Delamere Camp has long gone. In its place is a new enterprise, the very expensive Serena Elmenteita Luxury Camp, a sort of out-of-Africa manifestation with bells on, the kind of set-up that intrudes a different kind of exclusivity on this piece of Kenya. But then of course there’s always the usual argument: that the provision of luxury on this scale does at least provide many, many jobs for Kenyans. Across the lake, however, something of the original Delamere Camp ethos has been re-created at the Sleeping Warrior Eco Lodge and Tented Camp – all within the Soysambu Conservancy.
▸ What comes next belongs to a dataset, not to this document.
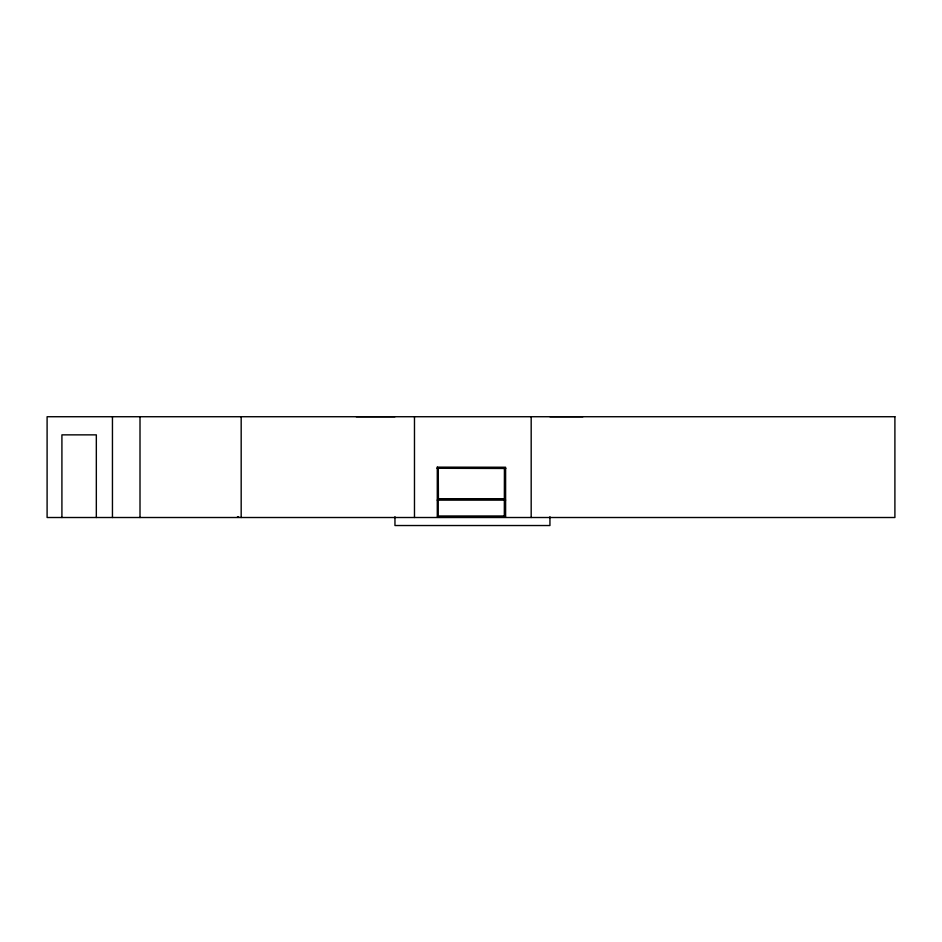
<?xml version="1.0" encoding="UTF-8"?>
<svg xmlns="http://www.w3.org/2000/svg" width="942" height="942" viewBox="0 0 942 942"><rect width="100%" height="100%" fill="white"/><g stroke="black" fill="none" stroke-linecap="round" stroke-linejoin="round"><path stroke-width="1.41" d="M505.607 500.131L437.194 500.131M504.465 515.816L504.559 468.292L504.559 515.992L438.242 515.992L438.242 468.292L438.419 500.214M549.94 416.729L582.921 416.729M237.431 516.864L238.738 516.899M549.94 516.711L549.94 525.53L394.957 525.53L394.957 516.711M531.182 416.729L531.182 517.511M414.48 416.729L414.48 517.511M394.957 416.729L356.276 416.729M241.176 416.729L241.176 517.511M140.005 416.729L140.005 517.511M112.451 416.729L112.451 517.511M96.331 517.511L96.331 434.863L61.913 434.863L61.913 517.511M437.288 467.15L505.607 467.244L505.607 517.229L437.288 517.323L437.288 467.15M437.288 468.292L505.607 468.386L437.288 468.292M438.419 499.083L504.465 499.166L438.419 499.083M894.9 416.729L47.1 416.729L47.1 517.511L894.9 517.511L894.9 416.729"/></g></svg>

In fact things have not been going well with the Delamere family. The sheer mention of the name has been enough to evoke great fury among many Kenyans. In 2005 and again in 2006, Thomas Cholmondeley, sole heir of the 5th Baron and Soysambu’s manager, admitted to shooting dead an African. The first case involved a plain clothes officer working for the Kenya Wildlife Service, apparently on the Soysambu farm to investigate a poaching incident. Cholmondeley says he thought the man was robbing his staff. Action against him was dropped.

In the second case, he caught a group of poachers with a dead impala, and said he was shooting at their dog when he fatally wounded one of the men. Later he claimed it was his friend, Carl Tundo, who had shot the poacher, and that he was covering for him. The whole sorry story was featured in the BBC Storyville film Last White Man Standing. Later the charge of murder was changed to manslaughter, and in any event Cholmondeley spent 3 years in Kamiti Maximum Security Prison, Kenya’s toughest jail. To many, though, it was thought to be far too lenient a sentence. The high profile media coverage also  reminded  millions of landless Kenyans that certain individuals had in their sole possession unimaginably vast estates. The old skeletons of racism and colonial oppression came rattling out of the cupboard to fuel the general furore, as the poacher’s widow asked for justice.

And so what in the end are we left with – a beautiful place enmeshed in tales of human intrigue, slaughter and misadventure.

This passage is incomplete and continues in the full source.